Not surprisingly, most of the early research in this area focused on the country where most international students were headed in the later part of the twentieth century—the United States—and made use of the Michigan International Student Problem Inventory developed by John Porter in 1962. However, given the 132-question length of this instrument, most of the early empirical study was not surprisingly limited to cross-sectional studies at individual campuses; few, if any researchers attempted longitudinal or multi-campus studies (Abu-Ein 1993; Harre 1995; McCoy 1996; Greene 1998). In fact, the most common themes that emerged from this study were the importance of individual problem areas (e.g., language proficiency, financial aid, and social activities) and how select demographic measures such as country of origin, time in country, marital status, and gender helped explain variation in student problem levels (McCoy 1996; Greene 1998; Fitzgerald 1998).

In the last 20 years, however, work has expanded in several important areas. For example, in addition to the creation of several new instruments that measure acculturative stress (Sandhu and Asrabadi 1994), social connectedness (Lee and Robbins 1995), and social support (Sarason et al. 1987), researchers have begun to focus on the experiences of international students studying at countries other than the United States (Tanaka et al. 1997; Li 2000; Horrie 2002; Lin 2007; Lin 2008). Although this study has tended to focus on just a handful of countries (e.g., Canada, Australia, Japan, and the UK), there have been at least four recent quantitative studies that examined the problems of international students studying in Taiwan (Li 2000; Lee 2004: Lin 2007, 2008). While these studies differed in a number of important ways, including sample size and method of analysis, taken together they suggest that older students as well as those with established social support systems experienced fewer problems studying in Taiwan and as a result, less culture shock.

From a university faculty and administrative perspective, this expanded research focus comes at a particularly serendipitous time, since as more and more international students are arriving on their campuses, there is, of course, increased pressure to provide them with a quality experience, which means anticipating and ultimately resolving any adjustment problems they may experience. Although many institutions have responded with special orientation programs, separate-track instruction, and Offices of International Students, often times these programs are designed by well-meaning faculty and staff-based on what they perceive the problem areas to be, rather than based on the actual needs of the international and overseas Chinese students on their campuses. As a result, there may be a real disconnect between the cultural adjustment problems experienced by this group of students and the perception of these problems by the university personnel charged with their care, which ultimately, would result in a set of misaligned policies and procedures for promoting the international student experience on campus.

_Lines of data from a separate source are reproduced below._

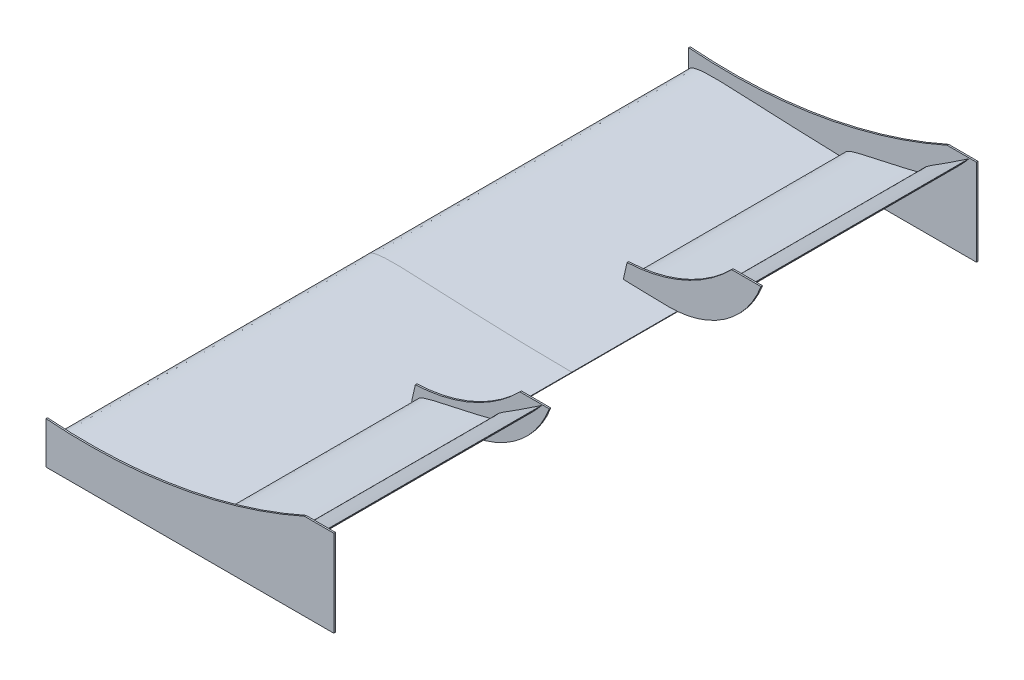
from build123d import *

# Parameters (mm, degrees)
BOSS_EXTRUDE1_DEPTH = 409.117647
BOSS_EXTRUDE3_DEPTH = 275.00588235
BOSS_EXTRUDE4_DEPTH = 275.00588235
BOSS_EXTRUDE5_START = -2
BOSS_EXTRUDE5_DEPTH = 2
BOSS_EXTRUDE9_DEPTH = 2
SCALE1_SCALE        = 1.7


# Read off the part's stored shape, not the designer's step: Boss-Extrude5
with BuildPart() as part:
    # Sketch4 → Boss-Extrude1 (new body)
    with BuildSketch(Plane.XY):
        with BuildLine():
            Line((260, 0.338), (260, -0.338))
            add(Edge.make_bspline(
                [(260, -0.338), (255.671134416, -1.516414962), (247.034293782, -3.867558011), (229.732198635, -8.142516043), (208.095332328, -12.865824713), (182.070295086, -17.52187714), (156.065433036, -21.33839003), (130.04608131, -24.060706609), (104.028996678, -25.758589144), (82.309621921, -25.775760663), (64.967929801, -24.576004726), (51.944088226, -22.995710172), (38.892098593, -20.665234217), (28.076374793, -17.862506322), (19.409165866, -15.031867898), (12.873889977, -12.359614398), (7.297636497, -9.469642807), (2.457443903, -6.012727152), (-1.755975169, -0.452912883), (2.791856276, 3.799118742), (7.432468627, 5.468199276), (12.959118785, 6.594755148), (19.486078925, 7.167527694), (28.163063188, 7.572890101), (39.002713335, 7.542528182), (52.005642383, 7.178662792), (64.99939665, 6.485838665), (82.332797947, 5.675168232), (103.995849486, 4.634859687), (130.000749859, 3.658001845), (155.997296268, 2.573284486), (181.996330165, 1.649383439), (207.997446916, 0.969796253), (229.66601603, 0.624750289), (246.999604816, 0.397519697), (255.666612935, 0.357839542), (260, 0.338)],
                knots=[0, 0, 0, 0, 0.025304886, 0.050487653, 0.100520433, 0.150190716, 0.199586607, 0.248740009, 0.297715539, 0.346600594, 0.371102737, 0.395726297, 0.420570145, 0.445825119, 0.458702216, 0.471919982, 0.485786003, 0.493461051, 0.506863029, 0.51614777, 0.522766003, 0.535269014, 0.547551134, 0.559786371, 0.584228898, 0.60868081, 0.633151284, 0.657621757, 0.706558114, 0.75548187, 0.804405627, 0.853320224, 0.902221408, 0.951113136, 0.975557228, 1, 1, 1, 1], degree=3))
        make_face()
    extrude(amount=BOSS_EXTRUDE1_DEPTH)


with BuildPart() as body_2:
    # Sketch7 → Boss-Extrude3 (new body)
    with BuildSketch(Plane.XY.offset(136.11111111)):
        with BuildLine():
            Line((315.870723, 39.20897), (315.951475, 38.907601))
            add(Edge.make_bspline(
                [(315.951475, 38.907601), (314.162382578, 37.865145197), (310.592831717, 35.78526438), (303.390016539, 31.812615724), (294.308265411, 27.122279449), (283.262183068, 21.937734339), (272.124806483, 17.129879311), (260.850263498, 12.808098108), (249.454357747, 8.943291101), (239.773652509, 6.34114928), (231.899202412, 4.804464985), (225.904245036, 3.953215779), (219.807125691, 3.433045796), (214.650547504, 3.390543338), (210.448468632, 3.617134945), (207.21575065, 4.027785995), (204.384568854, 4.650059029), (201.813807887, 5.613008864), (199.27126803, 7.588326051), (200.790819383, 10.027193325), (202.660279447, 11.325634111), (204.989553739, 12.488051205), (207.830929407, 13.523078656), (211.650810078, 14.740301317), (216.486882257, 16.021615518), (222.327208641, 17.41266421), (228.202740217, 18.655963806), (236.027016072, 20.36511664), (245.808932451, 22.489094306), (257.518917899, 25.160012954), (269.238063033, 27.781848898), (280.939106657, 30.475676099), (292.611894114, 33.278670937), (302.313218201, 35.71326156), (310.067882177, 37.682543093), (313.936477602, 38.700170205), (315.870723, 39.20897)],
                knots=[0, 0, 0, 0, 0.025304886, 0.050487653, 0.100520434, 0.150190715, 0.199586607, 0.248740009, 0.297715539, 0.346600597, 0.371102739, 0.395726298, 0.420570145, 0.44582512, 0.458702215, 0.471919982, 0.485786005, 0.493461052, 0.50686303, 0.516147769, 0.522766005, 0.535269017, 0.547551134, 0.559786372, 0.584228898, 0.608680812, 0.633151286, 0.657621756, 0.706558117, 0.755481873, 0.804405629, 0.853320227, 0.90222141, 0.951113137, 0.97555723, 1, 1, 1, 1], degree=3))
        make_face()
    extrude(amount=BOSS_EXTRUDE3_DEPTH)



with BuildPart() as body_3:
    # Sketch8 → Boss-Extrude4 (new body)
    with BuildSketch(Plane.XY.offset(136.11111111)):
        with BuildLine():
            Line((357.288448, 80.224893), (357.392839, 80.075808))
            add(Edge.make_bspline(
                [(357.392839, 80.075808), (356.620122763, 79.14743677), (355.078419259, 77.29517444), (351.922757302, 73.680504701), (347.880336886, 69.297560959), (342.859759573, 64.251808822), (337.713984567, 59.394326829), (332.396045475, 54.775920248), (326.920407777, 50.383794268), (322.133048059, 47.02600566), (318.123223552, 44.612619584), (315.006896562, 42.949941587), (311.768516646, 41.448359544), (308.950396673, 40.396264989), (306.601803062, 39.682106717), (304.74784604, 39.262242045), (303.071771935, 39.038489289), (301.470479137, 39.053437498), (299.682676349, 39.628948524), (300.029041565, 41.268992156), (300.794740272, 42.353716288), (301.839624042, 43.455618804), (303.190637013, 44.589859378), (305.041668965, 46.019196952), (307.436944014, 47.686407794), (310.360811955, 49.614130635), (313.333455795, 51.467887671), (317.281367644, 53.965802203), (322.219606269, 57.08167597), (328.105602635, 60.882029467), (334.006411273, 64.657308071), (339.882935631, 68.46843545), (345.7221912, 72.333766121), (350.554281154, 75.603825383), (354.412136757, 78.230441634), (356.329694769, 79.560087793), (357.288448, 80.224893)],
                knots=[0, 0, 0, 0, 0.025304887, 0.050487658, 0.100520434, 0.150190719, 0.199586612, 0.248740011, 0.29771554, 0.346600599, 0.371102739, 0.395726301, 0.420570148, 0.445825123, 0.458702221, 0.471919982, 0.485786004, 0.49346105, 0.50686303, 0.516147773, 0.522766001, 0.535269015, 0.547551138, 0.559786368, 0.584228897, 0.608680812, 0.633151286, 0.657621759, 0.706558116, 0.755481872, 0.804405626, 0.853320226, 0.902221408, 0.951113136, 0.975557225, 1, 1, 1, 1], degree=3))
        make_face()
    extrude(amount=BOSS_EXTRUDE4_DEPTH)


with BuildPart() as body_2_1:
    add(body_2.part)

    add(body_3.part)  # Boss-Extrude5 merges body 3
    # Boss-Extrude5 outline → Boss-Extrude5 (add)
    with BuildSketch(Plane.XY.offset(136.11111111).offset(BOSS_EXTRUDE5_START)):
        with BuildLine():
            Line((196.395689019, 22.773764987), (191.568888201, 1.411668558))
            add(Edge.make_bspline(
                [(191.568888201, 1.411668558), (202.116980655, 1.144472356), (217.251064759, 0.835003016), (224.976192116, 0.705806864), (233.767864274, 0.575264806), (242.420543536, 0.462749318), (249.546395985, 0.395469517)],
                knots=[0, 0, 0, 0, 0, 0, 0, 1, 1, 1, 1, 1, 1, 1], degree=6))
            ThreePointArc((249.546395985, 0.395469517), (321.210428694, 22.475081792), (367.332879449, 81.601745816))
            Line((367.332879449, 81.601745816), (329.919724454, 81.601745816))
            ThreePointArc((329.919724454, 81.601745816), (268.759443908, 39.473286164), (196.395689019, 22.773764987))
        make_face()
    extrude(amount=BOSS_EXTRUDE5_DEPTH)


with BuildPart() as body_3_2:
    # Sketch11 → Boss-Extrude9 (new body)
    with BuildSketch(Plane.XY.offset(409.117647)):
        with BuildLine():
            Line((0, -29.009579655), (0, 24.532221423))
            ThreePointArc((0, 24.532221423), (168.532063733, 32.416036391), (329.919724454, 81.601745816))
            Line((329.919724454, 81.601745816), (367.332879449, 81.601745816))
            Line((367.332879449, 81.601745816), (367.332879449, -29.009579655))
            Line((367.332879449, -29.009579655), (0, -29.009579655))
        make_face()
    extrude(amount=BOSS_EXTRUDE9_DEPTH)


with BuildPart() as body_2_2:
    # Scale1: scaled about (0, 0, 0)
    add(body_2_1.part.scale(SCALE1_SCALE))


with BuildPart() as body_3_2_1:
    # Scale1: scaled about (0, 0, 0)
    add(body_3_2.part.scale(SCALE1_SCALE))


with BuildPart() as part_1:
    # Scale1: scaled about (0, 0, 0)
    add(part.part.scale(SCALE1_SCALE))


with BuildPart() as body_4:
    # Mirror4: mirrored copy
    add(part_1.part.mirror(Plane.XY))


with BuildPart() as body_5:
    # Mirror4 2: mirrored copy
    add(body_2_2.part.mirror(Plane.XY))


with BuildPart() as body_6:
    # Mirror4 3: mirrored copy
    add(body_3_2_1.part.mirror(Plane.XY))


solid = Compound([body_2_2.part, body_3_2_1.part, part_1.part, body_4.part, body_5.part, body_6.part])

In order to help develop a better understanding of these experiences, in our study, we used two modified versions of the Michigan International Student Problem Inventory (Porter 1993) to examine the adjustment problems faced by international and overseas Chinese students at 15 randomly selected universities in Taiwan, as well as the perceptions of these problems by the faculty and administrative staff charged with supporting them. After measuring both the problems and the perception of the problems, we then used independent sample t-tests to test for differences between the two groups as well as among the various students groups. In the second part of the study, we used multiple regression analysis to investigate the extent to which select demographic measures helped explain the variation in both student and faculty and staff responses, with special attention paid to the importance of problems with the English language. The article then concludes with a short discussion of the policy and procedural implications of our study for student affairs professionals involved in the care and support of these students.

Methods

Participants

The two populations used in our study included all international students and overseas Chinese students enrolled in Taiwan universities on a student visa during the fall semester of 2006, as well as those faculty and staff members directly responsible for their care. We define Overseas Chinese students as those individuals who applied through the Taiwan government’s Overseas Compatriot Affairs Commission for status as an overseas Chinese student and who have maintained permanent residence outside of Taiwan for a minimum of 6 years. Citizens of the PRC, including the cities of Macau and Hong Kong, are not considered overseas Chinese students, but are considered members of a special administrative district of the ROC. For the purpose of this study, students from the PRC attending the preparatory school were considered overseas Chinese students. All overseas Chinese students (including the special administrative districts) are subject to an entrance examination before being permitted to enroll in a degree program in either the English or Chinese language. However, those students who fail to pass the entrance examination typically attend a preparatory school which assists them in developing their test taking skills and Chinese language ability in non-degree courses for as long as 2 years; as a result they are referred to as preparatory students in this study. And finally, International students are defined as students enrolled in Chinese as a Second Language (CSL) Programs that are non-degree programs, enrolled in English language degree programs, or enrolled in a Chinese language degree programs without regard to their ethnicity. These students did not apply for overseas Chinese student status.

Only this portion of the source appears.